• [TASK] Exact copies of all entries are needed. Pictures are to be left out.

Records from a dataset
/---

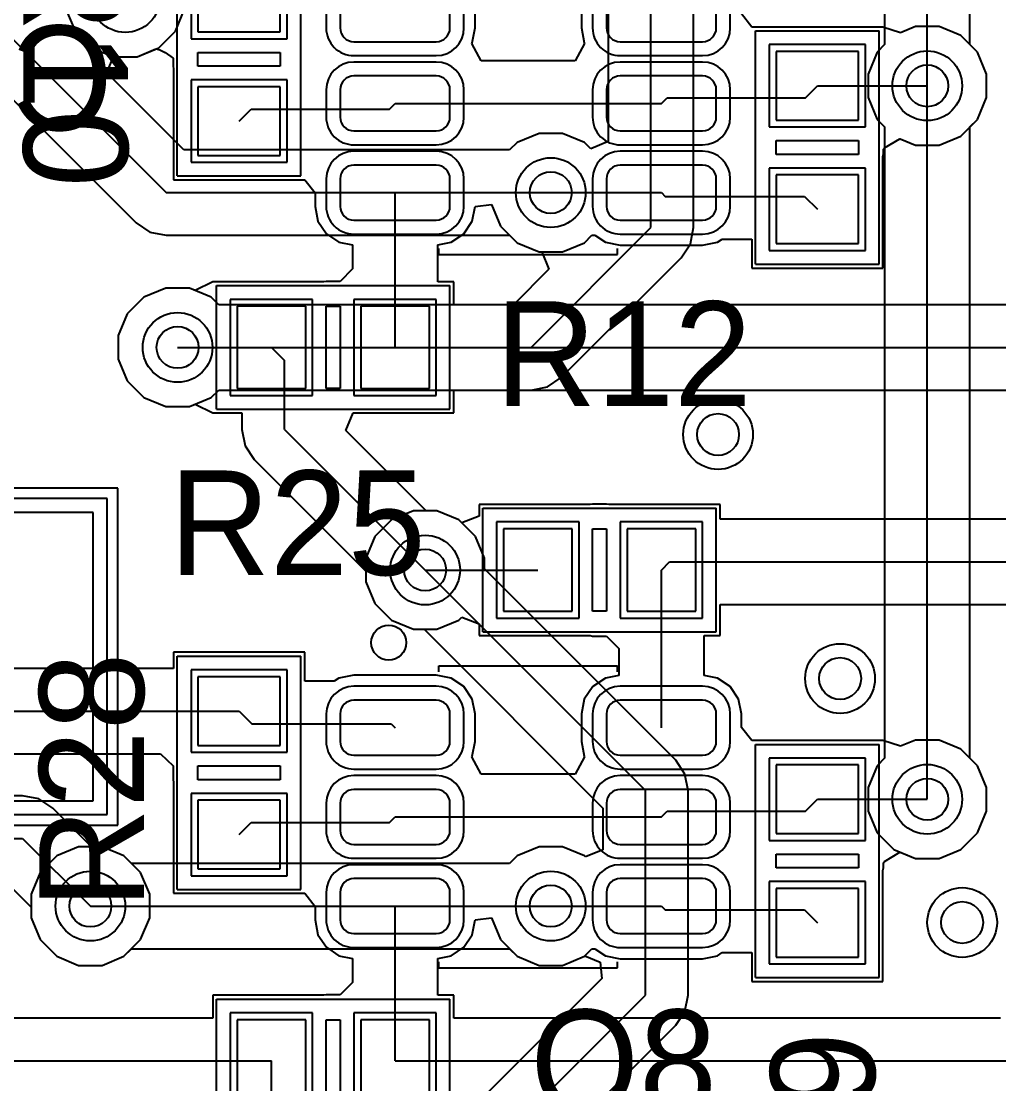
# Model space of a CAD drawing. Header units: millimetres. Extents: x 3.09 to 5.5, y 1.46 to 3.23.
# Drawn here: x 4.6302 to 4.9105, y 1.8437 to 2.1486 of the extents above; entities that cross this region are included whole.
import ezdxf

# ---------------------------------------------------------------- set-up
doc = ezdxf.new("R2010")
doc.units = ezdxf.units.MM
doc.header["$MEASUREMENT"] = 0
for name, color, linetype in [('BottomLayer', 5, 'Continuous'), ('BottomOverlay', 54, 'Continuous'), ('BottomPaste', 16, 'Continuous'), ('BottomSolder', 6, 'Continuous'), ('Mechanical11', 56, 'Continuous'), ('MultiLayer', 9, 'Continuous'), ('TopLayer', 1, 'Continuous'), ('TopOverlay', 2, 'Continuous'), ('TopPaste', 8, 'Continuous'), ('TopSolder', 216, 'Continuous'), ('ViaHoleLayer', 16, 'Continuous')]:
    doc.layers.add(name, color=color, linetype=linetype)

# ---------------------------------------------------------------- blocks, each defined once
blk = doc.blocks.new('SIM_SMD_NANO_B_15')
at = {"layer": 'BottomLayer'}
for p, q in [((-0.27559, -0.16575), (-0.27559, -0.24842)), ((-0.23622, -0.16575), (-0.27559, -0.16575)), ((-0.27559, -0.24842), (-0.23622, -0.24842))]:
    blk.add_line(p, q, dxfattribs=at)
at = {"layer": 'BottomPaste'}
for p, q in [((-0.27559, -0.16575), (-0.27559, -0.24842)), ((-0.23622, -0.16575), (-0.27559, -0.16575)), ((-0.27559, -0.24842), (-0.23622, -0.24842))]:
    blk.add_line(p, q, dxfattribs=at)
at = {"layer": 'BottomSolder'}
for p, q in [((-0.27959, -0.16175), (-0.27959, -0.25242)), ((-0.23222, -0.16175), (-0.27959, -0.16175)), ((-0.27959, -0.25242), (-0.23222, -0.25242))]:
    blk.add_line(p, q, dxfattribs=at)
blk = doc.blocks.new('R0402_27')
at = {"layer": 'Mechanical11'}
for p, q in [((-0.03346, -0.01772), (-0.03346, 0.01772)), ((-0.03346, 0.01772), (0.03346, 0.01772)), ((0.03346, -0.01772), (0.03346, 0.01772)), ((-0.03346, -0.01772), (0.03346, -0.01772))]:
    blk.add_line(p, q, dxfattribs=at)
at = {"layer": 'TopLayer'}
for p, q in [((-0.00787, 0.01181), (-0.02756, 0.01181)), ((-0.02756, 0.01181), (-0.02756, -0.01181)), ((-0.00787, -0.01181), (-0.00787, 0.01181)), ((-0.002, -0.01181), (-0.002, 0.01181)), ((-0.002, 0.01181), (0.002, 0.01181)), ((0.002, 0.01181), (0.002, -0.01181)), ((0.02756, 0.01181), (0.00787, 0.01181)), ((0.00787, 0.01181), (0.00787, -0.01181)), ((0.02756, -0.01181), (0.02756, 0.01181)), ((-0.02756, -0.01181), (-0.00787, -0.01181)), ((0.002, -0.01181), (-0.002, -0.01181)), ((0.00787, -0.01181), (0.02756, -0.01181))]:
    blk.add_line(p, q, dxfattribs=at)
at = {"layer": 'TopOverlay'}
for p, q in [((-0.03346, -0.01772), (-0.03346, 0.01772)), ((-0.03346, 0.01772), (0.03346, 0.01772)), ((0.03346, -0.01772), (0.03346, 0.01772)), ((-0.03346, -0.01772), (0.03346, -0.01772))]:
    blk.add_line(p, q, dxfattribs=at)
at = {"layer": 'TopPaste'}
for p, q in [((-0.00787, 0.01181), (-0.02756, 0.01181)), ((-0.02756, 0.01181), (-0.02756, -0.01181)), ((-0.00787, -0.01181), (-0.00787, 0.01181)), ((0.02756, 0.01181), (0.00787, 0.01181)), ((0.00787, 0.01181), (0.00787, -0.01181)), ((0.02756, -0.01181), (0.02756, 0.01181)), ((-0.02756, -0.01181), (-0.00787, -0.01181)), ((0.00787, -0.01181), (0.02756, -0.01181))]:
    blk.add_line(p, q, dxfattribs=at)
at = {"layer": 'TopSolder'}
for p, q in [((-0.00591, 0.01378), (-0.02953, 0.01378)), ((-0.02953, 0.01378), (-0.02953, -0.01378)), ((-0.00591, -0.01378), (-0.00591, 0.01378)), ((0.02953, 0.01378), (0.00591, 0.01378)), ((0.00591, 0.01378), (0.00591, -0.01378)), ((0.02953, -0.01378), (0.02953, 0.01378)), ((-0.02953, -0.01378), (-0.00591, -0.01378)), ((0.00591, -0.01378), (0.02953, -0.01378))]:
    blk.add_line(p, q, dxfattribs=at)
blk = doc.blocks.new('R0402_28')
at = {"layer": 'Mechanical11'}
for p, q in [((-0.03346, 0.01772), (-0.03346, -0.01772)), ((-0.03346, 0.01772), (0.03346, 0.01772)), ((0.03346, 0.01772), (0.03346, -0.01772)), ((-0.03346, -0.01772), (0.03346, -0.01772))]:
    blk.add_line(p, q, dxfattribs=at)
at = {"layer": 'TopLayer'}
for p, q in [((-0.00787, 0.01181), (-0.02756, 0.01181)), ((-0.02756, 0.01181), (-0.02756, -0.01181)), ((-0.00787, -0.01181), (-0.00787, 0.01181)), ((-0.002, -0.01181), (-0.002, 0.01181)), ((-0.002, 0.01181), (0.002, 0.01181)), ((0.002, 0.01181), (0.002, -0.01181)), ((0.02756, 0.01181), (0.00787, 0.01181)), ((0.00787, 0.01181), (0.00787, -0.01181)), ((0.02756, -0.01181), (0.02756, 0.01181)), ((-0.02756, -0.01181), (-0.00787, -0.01181)), ((0.002, -0.01181), (-0.002, -0.01181)), ((0.00787, -0.01181), (0.02756, -0.01181))]:
    blk.add_line(p, q, dxfattribs=at)
at = {"layer": 'TopOverlay'}
for p, q in [((-0.03346, 0.01772), (-0.03346, -0.01772)), ((-0.03346, 0.01772), (0.03346, 0.01772)), ((0.03346, 0.01772), (0.03346, -0.01772)), ((-0.03346, -0.01772), (0.03346, -0.01772))]:
    blk.add_line(p, q, dxfattribs=at)
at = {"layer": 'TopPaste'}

\---

• [RESPONSE]
# Model space of a CAD drawing. Header units: millimetres. Extents: x 3.09 to 5.5, y 1.46 to 3.23.
# Drawn here: x 4.6302 to 4.9105, y 1.8437 to 2.1486 of the extents above; entities that cross this region are included whole.
import ezdxf

# ---------------------------------------------------------------- set-up
doc = ezdxf.new("R2010")
doc.units = ezdxf.units.MM
doc.header["$MEASUREMENT"] = 0
for name, color, linetype in [('BottomLayer', 5, 'Continuous'), ('BottomOverlay', 54, 'Continuous'), ('BottomPaste', 16, 'Continuous'), ('BottomSolder', 6, 'Continuous'), ('Mechanical11', 56, 'Continuous'), ('MultiLayer', 9, 'Continuous'), ('TopLayer', 1, 'Continuous'), ('TopOverlay', 2, 'Continuous'), ('TopPaste', 8, 'Continuous'), ('TopSolder', 216, 'Continuous'), ('ViaHoleLayer', 16, 'Continuous')]:
    doc.layers.add(name, color=color, linetype=linetype)

# ---------------------------------------------------------------- blocks, each defined once
blk = doc.blocks.new('SIM_SMD_NANO_B_15')
at = {"layer": 'BottomLayer'}
for p, q in [((-0.27559, -0.16575), (-0.27559, -0.24842)), ((-0.23622, -0.16575), (-0.27559, -0.16575)), ((-0.27559, -0.24842), (-0.23622, -0.24842))]:
    blk.add_line(p, q, dxfattribs=at)
at = {"layer": 'BottomPaste'}
for p, q in [((-0.27559, -0.16575), (-0.27559, -0.24842)), ((-0.23622, -0.16575), (-0.27559, -0.16575)), ((-0.27559, -0.24842), (-0.23622, -0.24842))]:
    blk.add_line(p, q, dxfattribs=at)
at = {"layer": 'BottomSolder'}
for p, q in [((-0.27959, -0.16175), (-0.27959, -0.25242)), ((-0.23222, -0.16175), (-0.27959, -0.16175)), ((-0.27959, -0.25242), (-0.23222, -0.25242))]:
    blk.add_line(p, q, dxfattribs=at)
blk = doc.blocks.new('R0402_27')
at = {"layer": 'Mechanical11'}
for p, q in [((-0.03346, -0.01772), (-0.03346, 0.01772)), ((-0.03346, 0.01772), (0.03346, 0.01772)), ((0.03346, -0.01772), (0.03346, 0.01772)), ((-0.03346, -0.01772), (0.03346, -0.01772))]:
    blk.add_line(p, q, dxfattribs=at)
at = {"layer": 'TopLayer'}
for p, q in [((-0.00787, 0.01181), (-0.02756, 0.01181)), ((-0.02756, 0.01181), (-0.02756, -0.01181)), ((-0.00787, -0.01181), (-0.00787, 0.01181)), ((-0.002, -0.01181), (-0.002, 0.01181)), ((-0.002, 0.01181), (0.002, 0.01181)), ((0.002, 0.01181), (0.002, -0.01181)), ((0.02756, 0.01181), (0.00787, 0.01181)), ((0.00787, 0.01181), (0.00787, -0.01181)), ((0.02756, -0.01181), (0.02756, 0.01181)), ((-0.02756, -0.01181), (-0.00787, -0.01181)), ((0.002, -0.01181), (-0.002, -0.01181)), ((0.00787, -0.01181), (0.02756, -0.01181))]:
    blk.add_line(p, q, dxfattribs=at)
at = {"layer": 'TopOverlay'}
for p, q in [((-0.03346, -0.01772), (-0.03346, 0.01772)), ((-0.03346, 0.01772), (0.03346, 0.01772)), ((0.03346, -0.01772), (0.03346, 0.01772)), ((-0.03346, -0.01772), (0.03346, -0.01772))]:
    blk.add_line(p, q, dxfattribs=at)
at = {"layer": 'TopPaste'}
for p, q in [((-0.00787, 0.01181), (-0.02756, 0.01181)), ((-0.02756, 0.01181), (-0.02756, -0.01181)), ((-0.00787, -0.01181), (-0.00787, 0.01181)), ((0.02756, 0.01181), (0.00787, 0.01181)), ((0.00787, 0.01181), (0.00787, -0.01181)), ((0.02756, -0.01181), (0.02756, 0.01181)), ((-0.02756, -0.01181), (-0.00787, -0.01181)), ((0.00787, -0.01181), (0.02756, -0.01181))]:
    blk.add_line(p, q, dxfattribs=at)
at = {"layer": 'TopSolder'}
for p, q in [((-0.00591, 0.01378), (-0.02953, 0.01378)), ((-0.02953, 0.01378), (-0.02953, -0.01378)), ((-0.00591, -0.01378), (-0.00591, 0.01378)), ((0.02953, 0.01378), (0.00591, 0.01378)), ((0.00591, 0.01378), (0.00591, -0.01378)), ((0.02953, -0.01378), (0.02953, 0.01378)), ((-0.02953, -0.01378), (-0.00591, -0.01378)), ((0.00591, -0.01378), (0.02953, -0.01378))]:
    blk.add_line(p, q, dxfattribs=at)
blk = doc.blocks.new('R0402_28')
at = {"layer": 'Mechanical11'}
for p, q in [((-0.03346, 0.01772), (-0.03346, -0.01772)), ((-0.03346, 0.01772), (0.03346, 0.01772)), ((0.03346, 0.01772), (0.03346, -0.01772)), ((-0.03346, -0.01772), (0.03346, -0.01772))]:
    blk.add_line(p, q, dxfattribs=at)
at = {"layer": 'TopLayer'}
for p, q in [((-0.00787, 0.01181), (-0.02756, 0.01181)), ((-0.02756, 0.01181), (-0.02756, -0.01181)), ((-0.00787, -0.01181), (-0.00787, 0.01181)), ((-0.002, -0.01181), (-0.002, 0.01181)), ((-0.002, 0.01181), (0.002, 0.01181)), ((0.002, 0.01181), (0.002, -0.01181)), ((0.02756, 0.01181), (0.00787, 0.01181)), ((0.00787, 0.01181), (0.00787, -0.01181)), ((0.02756, -0.01181), (0.02756, 0.01181)), ((-0.02756, -0.01181), (-0.00787, -0.01181)), ((0.002, -0.01181), (-0.002, -0.01181)), ((0.00787, -0.01181), (0.02756, -0.01181))]:
    blk.add_line(p, q, dxfattribs=at)
at = {"layer": 'TopOverlay'}
for p, q in [((-0.03346, 0.01772), (-0.03346, -0.01772)), ((-0.03346, 0.01772), (0.03346, 0.01772)), ((0.03346, 0.01772), (0.03346, -0.01772)), ((-0.03346, -0.01772), (0.03346, -0.01772))]:
    blk.add_line(p, q, dxfattribs=at)
at = {"layer": 'TopPaste'}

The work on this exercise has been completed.